# Pedigree Schmackos



## meggiemoo (Nov 15, 2009)

Hi,i have been giving my dog pedigree schmackos for treats but have been told that they are not good for them . Could anyone give advice please.thanks


----------



## harrys_mum (Aug 18, 2010)

harry used to have them, loved them, but when he had the chicken ones he always had running toilets.
michelle x


----------



## Pixie2010 (May 10, 2010)

My pixie has them. I know they are not the best things but one a day doesn't seem to have caused any harm. The rest of her diet is very good (burns and natures harvest) so a little of what she fancies!


----------



## Val001 (Aug 25, 2010)

mine have them with no problem. also give them to pub dog who does have tummy problems sometimes but he's been fine with them


----------



## GoldenShadow (Jun 15, 2009)

Pedigree are notorious for not using very good ingredients but tbh I give the odd jumbone here and there I just wouldn't feed it as a main food because of what is in it, but here and there via treats I think is probably all right, just like we eat the odd take away/bar of chocolate here and there.


----------



## shazalhasa (Jul 21, 2009)

I give them but not a whole one in one go, I break them up to bite size treats and use them for training. I also give the little tiny cheesy bites which they love, they all get one when they come in after going to the loo... ongoing training lol


----------



## Val001 (Aug 25, 2010)

I am switching main food to AG but will still give pedigree treats as only at weekends when we run them and then go to our local pub with treats for them and any other dogs there so think thats OK.

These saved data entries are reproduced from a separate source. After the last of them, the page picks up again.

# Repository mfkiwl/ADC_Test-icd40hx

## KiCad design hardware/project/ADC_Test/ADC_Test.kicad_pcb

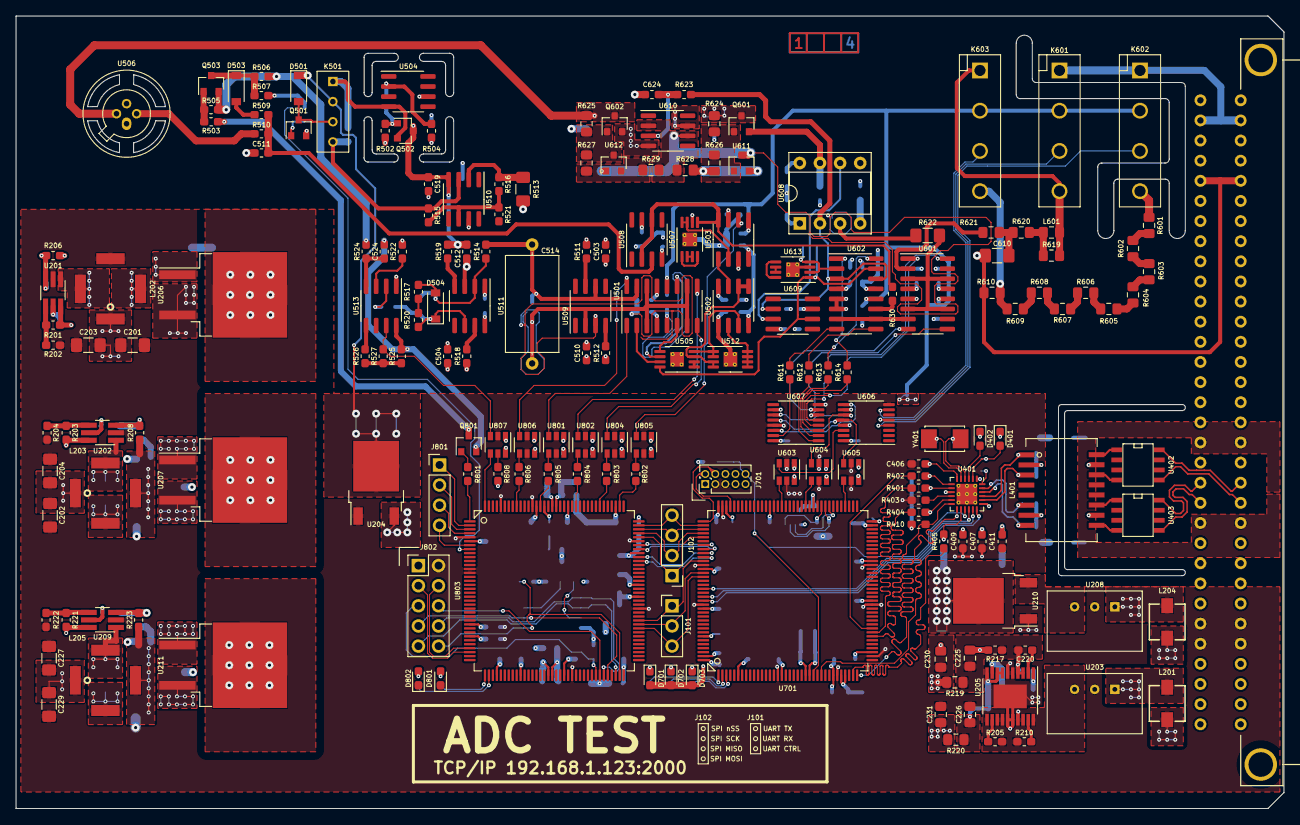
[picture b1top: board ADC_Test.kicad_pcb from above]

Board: 4 copper layers, 160.0 x 100.0 mm, 383 parts (0 on the bottom side), 257 nets.

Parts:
C201, C202, C205, C206, C224, C227, C228: 10u/50V; C_1206_3216Metric_Pad1.42x1.75mm_HandSolder
C203, C204, C216, C217, C218, C219, C222, C223, C229, C243, C244, C245: 4u7/50V; C_1206_3216Metric_Pad1.42x1.75mm_HandSolder
C207, C208, C232, C233, C235, C406, C407, C711, C720: 1u; C_0603_1608Metric_Pad1.05x0.95mm_HandSolder
C209, C210, C238: 1u/HC; C_1206_3216Metric_Pad1.42x1.75mm_HandSolder
C211, C234: 10u/16V; C_1206_3216Metric_Pad1.42x1.75mm_HandSolder
C212, C225, C230, C231, C827, C829: 10u; C_0805_2012Metric_Pad1.15x1.40mm_HandSolder
C213, C241: 47u/16V; C_1206_3216Metric_Pad1.42x1.75mm_HandSolder
C214, C215, C242: 4p7; C_0603_1608Metric_Pad1.05x0.95mm_HandSolder
C220, C221, C239, C240: 10n; C_0603_1608Metric_Pad1.05x0.95mm_HandSolder
C226: 4u7; C_0805_2012Metric_Pad1.15x1.40mm_HandSolder
C236, C237, C402, C405, C408, C409, C410, C411, C412, C502, C503, C504, C505, C506, C507, C508, C509, C510, C511, C512, C513, C516, C517, C518, C519, C520, C523, C524, C601, C602, C603, C604, C605, C606, C607, C608, C609, C611, C612, C613, C614, C615, C616, C617, C618, C619, C620, C621, C622, C623, C701, C702, C703, C705, C708, C710, C712, C713, C714, C715, C716, C717, C718, C719, C721, C801, C802, C803, C804, C805, C806, C807, C808, C809, C810, C811, C812, C813, C814, C815, C816, C817, C818, C819, C820, C821, C822, C823, C824, C825, C826, C828, C830: 100n; C_0603_1608Metric_Pad1.05x0.95mm_HandSolder
C401, C404, C704, C706: 8p; C_0603_1608Metric_Pad1.05x0.95mm_HandSolder
C403: 470p; C_0603_1608Metric_Pad1.05x0.95mm_HandSolder
C413, C414: 1n/1kV; C_1206_3216Metric_Pad1.42x1.75mm_HandSolder
C501: 10p; C_0603_1608Metric_Pad1.05x0.95mm_HandSolder
C514: 23PS222; C_Axial_L12.0mm_D6.5mm_P15.00mm_Horizontal
C515: 2n2/SMD; C_0603_1608Metric_Pad1.05x0.95mm_HandSolder
C521: 33p; C_0603_1608Metric_Pad1.05x0.95mm_HandSolder
C522: DNP; C_0603_1608Metric_Pad1.05x0.95mm_HandSolder
C610: 4n7; C_1206_3216Metric_Pad1.42x1.75mm_HandSolder
C624, C625: 4n7; C_0603_1608Metric_Pad1.05x0.95mm_HandSolder
C707, C709: 2u2; C_0805_2012Metric_Pad1.15x1.40mm_HandSolder
D201, D202, D203: PMEG6010EP,115; D_SOD-128
D401: YELLOW; LED_0603_1608Metric_Pad1.05x0.95mm_HandSolder
D402, D702, D801: GREEN; LED_0603_1608Metric_Pad1.05x0.95mm_HandSolder
D501: 1N4148W; D_SOD-123
D502: BZT585B15TQ-13; D_SOD-523
D503, D504, D505: BAV21W; D_SOD-123
D701, D802: RED; LED_0603_1608Metric_Pad1.05x0.95mm_HandSolder
D703: BLUE; LED_0603_1608Metric_Pad1.05x0.95mm_HandSolder
D803: CDBU0520; D_SOD-523
FB401, FB701: 742792031; L_0805_2012Metric_Pad1.15x1.40mm_HandSolder
J101: Conn_01x03_Male; PinHeader_1x03_P2.54mm_Vertical
J102, J801: Conn_01x04_Male; PinHeader_1x04_P2.54mm_Vertical
J301: C64AC; Socket_DIN41612-CaseC1-AC-Male-64Pin-2rows
J701: 20021111-00010T4LF; PinHeader_2x05_P1.27mm_Vertical
J802: Conn_02x05; PinHeader_2x05_P2.54mm_Vertical
K501: 9012
K601, K602, K603: HE3621A0510; HE360_x-5050462-8
L201, L204: TCK-141
L202, L203, L205: 74489440068
L401: 749010012A
L601: L0805R100MPWRT; R_0805_2012Metric_Pad1.15x1.40mm_HandSolder
Q501, Q503, Q601: BC847; SOT-23
Q502: MMBTA55; SOT-23
Q602, Q801: BC857; SOT-23
R201, R203, R205, R206, R208, R210, R221, R223: 1M; R_0603_1608Metric_Pad1.05x0.95mm_HandSolder
R202, R204, R222: 287k; R_0603_1608Metric_Pad1.05x0.95mm_HandSolder
R207: 82k5; R_0603_1608Metric_Pad1.05x0.95mm_HandSolder
R209: 39k2; R_0603_1608Metric_Pad1.05x0.95mm_HandSolder
R211, R212: 1k6; R_0603_1608Metric_Pad1.05x0.95mm_HandSolder
R213, R214, R226: 120; R_0603_1608Metric_Pad1.05x0.95mm_HandSolder
R215: 357k; R_0603_1608Metric_Pad1.05x0.95mm_HandSolder
R216: 210k; R_0603_1608Metric_Pad1.05x0.95mm_HandSolder
R217, R218, R810, R816: 100; R_0603_1608Metric_Pad1.05x0.95mm_HandSolder
R219, R220: 0R1; R_0805_2012Metric_Pad1.15x1.40mm_HandSolder
R224: 46k4; R_0603_1608Metric_Pad1.05x0.95mm_HandSolder
R225: 1k23; R_0603_1608Metric_Pad1.05x0.95mm_HandSolder
R401, R402, R404, R405: 33; R_0603_1608Metric_Pad1.05x0.95mm_HandSolder
R403, R406, R407, R408, R409, R411, R501, R703, R707: 10k; R_0603_1608Metric_Pad1.05x0.95mm_HandSolder
R410: 1k5; R_0603_1608Metric_Pad1.05x0.95mm_HandSolder
R412: 12k1; R_0603_1608Metric_Pad1.05x0.95mm_HandSolder
R413, R414: 270; R_0603_1608Metric_Pad1.05x0.95mm_HandSolder
R415, R416, R417, R418: 49R9; R_0603_1608Metric_Pad1.05x0.95mm_HandSolder
R419: 1M/1kV; R_1206_3216Metric_Pad1.42x1.75mm_HandSolder
R420, R421: 75/1%; R_0603_1608Metric_Pad1.05x0.95mm_HandSolder
R502, R504: 4k7/.1%; R_0603_1608Metric_Pad1.05x0.95mm_HandSolder
R503, R507: 120k; R_0603_1608Metric_Pad1.05x0.95mm_HandSolder
R505: 620k; R_0603_1608Metric_Pad1.05x0.95mm_HandSolder
R506, R508, R520, R521: 0; R_0603_1608Metric_Pad1.05x0.95mm_HandSolder
R509: 12k; R_0603_1608Metric_Pad1.05x0.95mm_HandSolder
R510, R525: 62/.1%; R_0603_1608Metric_Pad1.05x0.95mm_HandSolder
R511, R512, R518, R519, R524: 10; R_0603_1608Metric_Pad1.05x0.95mm_HandSolder
R513: 6k95/.05%; R_1206_3216Metric_Pad1.42x1.75mm_HandSolder
R514, R623: 12k/.05%; R_0603_1608Metric_Pad1.05x0.95mm_HandSolder
R515, R516: 3k01/.1%; R_0603_1608Metric_Pad1.05x0.95mm_HandSolder
R517: 62k; R_0603_1608Metric_Pad1.05x0.95mm_HandSolder
R522, R630: 620/.05%; R_0603_1608Metric_Pad1.05x0.95mm_HandSolder
R523, R527: 3k9/.05%; R_0603_1608Metric_Pad1.05x0.95mm_HandSolder
R526: 39k/.05%; R_0603_1608Metric_Pad1.05x0.95mm_HandSolder
R601, R602, R603, R604, R605, R606, R607, R608, R609, R610: 1M; R_0805_2012Metric_Pad1.15x1.40mm_HandSolder
R611, R612, R613, R614, R615, R616, R617, R618: 620; R_0603_1608Metric_Pad1.05x0.95mm_HandSolder
R619: 620; R_0805_2012Metric_Pad1.15x1.40mm_HandSolder
R620, R621: 240k/.05%; R_0805_2012Metric_Pad1.15x1.40mm_HandSolder
R622: 22/.1%; R_1206_3216Metric_Pad1.42x1.75mm_HandSolder
R624, R625: 12k; R_0805_2012Metric_Pad1.15x1.40mm_HandSolder
R626, R629: 93k; R_0805_2012Metric_Pad1.15x1.40mm_HandSolder
R627, R628: 39k; R_0805_2012Metric_Pad1.15x1.40mm_HandSolder
R701, R702, R812, R813, R814, R817, R818, R819: 4k7; R_0603_1608Metric_Pad1.05x0.95mm_HandSolder
R704, R706: 680; R_0603_1608Metric_Pad1.05x0.95mm_HandSolder
R705: 560; R_0603_1608Metric_Pad1.05x0.95mm_HandSolder
R801: 6k2; R_0603_1608Metric_Pad1.05x0.95mm_HandSolder
R802, R803, R804, R805, R806: 150; R_0603_1608Metric_Pad1.05x0.95mm_HandSolder
R807, R808, R809: 1k; R_0603_1608Metric_Pad1.05x0.95mm_HandSolder
R811: 22; R_0603_1608Metric_Pad1.05x0.95mm_HandSolder
R815: OPT; R_0603_1608Metric_Pad1.05x0.95mm_HandSolder
U201, U202, U209: LT8330_S6; TSOT-23-6_HandSoldering
U203: TSR1-2490; TSR1
U204: LM1117DTX-5.0/NOPB; TO-252-2
U205: LT3030; ETSSOP-20-1EP_4.4x6.5mm_P0.65mm_EP3x4.2mm
U206: LM317_TO-263; TO-263-2
U207, U211: LM337_TO263; TO-263-2
U208: TSR1-2450; TSR1
U210: LM1117DTX-3.3/NOPB; TO-252-2
U401: LAN8742A; QFN-24-1EP_4x4mm_P0.5mm_EP2.6x2.6mm_ThermalVias
U402, U403: LC03-3.3; SO8E
U501, U601, U602: DG211B; SOIC-16_3.9x9.9mm_P1.27mm
U502: OPA2192; SOIC-8_3.9x4.9mm_P1.27mm
U503: DG419xY; SOIC-8_3.9x4.9mm_P1.27mm
U504: LT1021-7; SOIC-8_3.9x4.9mm_P1.27mm
U505: LT5400-100k-100k; MSOP-8-1EP_3x3mm_P0.65mm_EP1.73x1.85mm_ThermalVias
U506: LM399H; LMx99
U507: LT5400-5k-1k; MSOP-8-1EP_3x3mm_P0.65mm_EP1.73x1.85mm_ThermalVias
U508, U510: OPA177; SOIC-8_3.9x4.9mm_P1.27mm
U509: OPA140; SOIC-8_3.9x4.9mm_P1.27mm
U511: OPA192; SOIC-8_3.9x4.9mm_P1.27mm
U512: LT5400-10k-10k; MSOP-8-1EP_3x3mm_P0.65mm_EP1.73x1.85mm_ThermalVias
U513: LM311; SOIC-8_3.9x4.9mm_P1.27mm
U603, U604, U605, U801, U802, U804, U805, U806, U807: SN74LVC1T45DBV; SOT-23-6
U606, U607: 74HCT595; TSSOP-16_4.4x5mm_P0.65mm
U608: LTC1052; DIP-8_W7.62mm_Socket
U609, U610: AD711; SOIC-8_3.9x4.9mm_P1.27mm
U611, U612: TL431DBZ; SOT-23
U613: LT5400-9k-1k; MSOP-8-1EP_3x3mm_P0.65mm_EP1.73x1.85mm_ThermalVias
U701: STM32H743ZI/STM32F765ZGT6; TQFP-144_20x20mm_P0.5mm
U702: 24LC08B-E/MS; MSOP-8_3x3mm_P0.65mm
U803: ICE40HX4K-TQ144; TQFP-144_20x20mm_P0.5mm
U808: ASDMB-100.000MHZ; Oscillator_SMD_Abracon_ASDMB-4Pin_2.5x2.0mm
U809: MT25QL128ABA1ESE; SOIC-8_5.23x5.23mm_P1.27mm
Y401: NX5032GA-25.000M-LN-CD-1; NX5032GA
Y701: NX3225GD-8MHZ-STD-CRA-3; NX3225GD

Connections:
+1V2: C231.1, C233.1, C237.1, C240.1, C821.1, C822.1, C824.1, C826.1, R220.1, R810.2, R816.2, U803.27, U803.40, U803.92, U803.111
+3.3VF: C241.1, C402.1, C405.1, C606.1, C608.1, C611.1, C701.1, C702.1, C703.1, C705.1, C708.1, C710.1, C711.1, C712.1, C713.1, C714.1, C715.1, C716.1, C717.1, C718.1, C719.1, D701.2, D702.2, D703.2, FB401.2, FB701.2, J701.1, R406.1, R407.1, R408.1, R409.1, R410.1, R701.1, R702.1, R707.1, U210.2, U401.9, U603.6, U604.6, U605.6, U701.6, U701.17, U701.30, U701.39, U701.52, U701.62, U701.72, U701.84, U701.95, U701.108, U701.121, U701.131, U701.143, U701.144, U702.8
+3.3VP: C230.1, C232.1, C236.1, C239.1, C524.1, C807.1, C808.1, C809.1, C810.1, C811.1, C812.1, C813.1, C814.1, C815.1, C816.1, C817.1, C818.1, C819.1, C820.1, C823.1, C825.1, D803.2, Q801.2, R219.1, R525.1, R812.2, R813.2, R814.2, R817.1, R818.1, R819.1, U513.8, U801.6, U802.6, U803.6, U803.30, U803.46, U803.57, U803.72, U803.89, U803.100, U803.123, U803.131, U804.6, U805.6, U806.6, U807.6, U808.1, U808.4, U809.8
+5VF: C213.1, C520.1, C523.1, C603.1, C605.1, C607.1, C609.1, C612.1, C613.1, C614.1, C801.1, C802.1, C803.1, C804.1, C805.1, C806.1, D501.1, K501.2, K601.2, K602.2, K603.2, R808.1, U204.2, U501.12, U503.5, U601.12, U602.12, U603.1, U604.1, U605.1, U606.10, U606.16, U607.10, U607.16, U801.1, U802.1, U804.1, U805.1, U806.1, U807.1
+18VF: C222.1, C502.1, C503.1, C504.1, C505.1, C506.1, C507.1, C508.1, C615.1, C616.1, C618.1, C619.1, Q601.3, R213.1, R504.1, R511.1, R518.1, R624.1, U206.2, U501.13, U502.8, U503.4, U506.3, U508.7, U601.13, U602.13, U609.7
+24VF: C201.1, C202.1, C203.1, C204.1, C205.1, C224.1, C227.1, C229.1, J301.A31, J301.A32, J301.C31, J301.C32, L201.1, L202.1, L203.1, L204.1, L205.1, R201.1, R203.1, R221.1, U201.6, U202.6, U209.6
-14VF: C245.1, C509.1, C510.1, C512.1, C513.1, C516.1, C517.1, C518.1, C519.1, C621.1, C622.1, C623.1, Q502.3, Q503.2, R226.1, R502.2, R505.2, R506.1, R512.2, R519.2, R524.2, U211.3, U501.4, U502.4, U503.7, U508.4, U510.4, U601.4, U602.4, U609.4
-18VF: C223.1, C604.1, Q602.3, R214.1, R625.2, U207.3, U506.4
/ADC/ADIN: C625.2, U505.8, U602.15, U609.6, U613.1
/ADC/FGPA_AD_ID: U501.16, U806.3
/ADC/FGPA_AD_IIN: U501.1, U801.3
/ADC/FGPA_AD_IRN: U501.8, U804.3
/ADC/FGPA_AD_IRP: U501.9, U802.3
/ADC/FPGA_AD_RFS: Q801.3, R503.2
/ADC/FPGA_AD_RFS_OPT: R501.2, U803.8
/ADC/VREF+: U502.7, U505.4, U512.1, U512.2
/ADC/VREF-: U502.1, U502.2, U505.3, U512.3, U512.4
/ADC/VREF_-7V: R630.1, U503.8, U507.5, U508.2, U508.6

What about markies and gravy bones are they not very good either?


----------



## GoldenShadow (Jun 15, 2009)

Val001 said:


> I am switching main food to AG but will still give pedigree treats as only at weekends when we run them and then go to our local pub with treats for them and any other dogs there so think thats OK.
> 
> What about markies and gravy bones are they not very good either?


Check out the ingredient list on the back. Pedigree are usually '4% meat and animal derivatives' and then have all these other things in that its hard to figure out what they are or why they are in the treats anyway.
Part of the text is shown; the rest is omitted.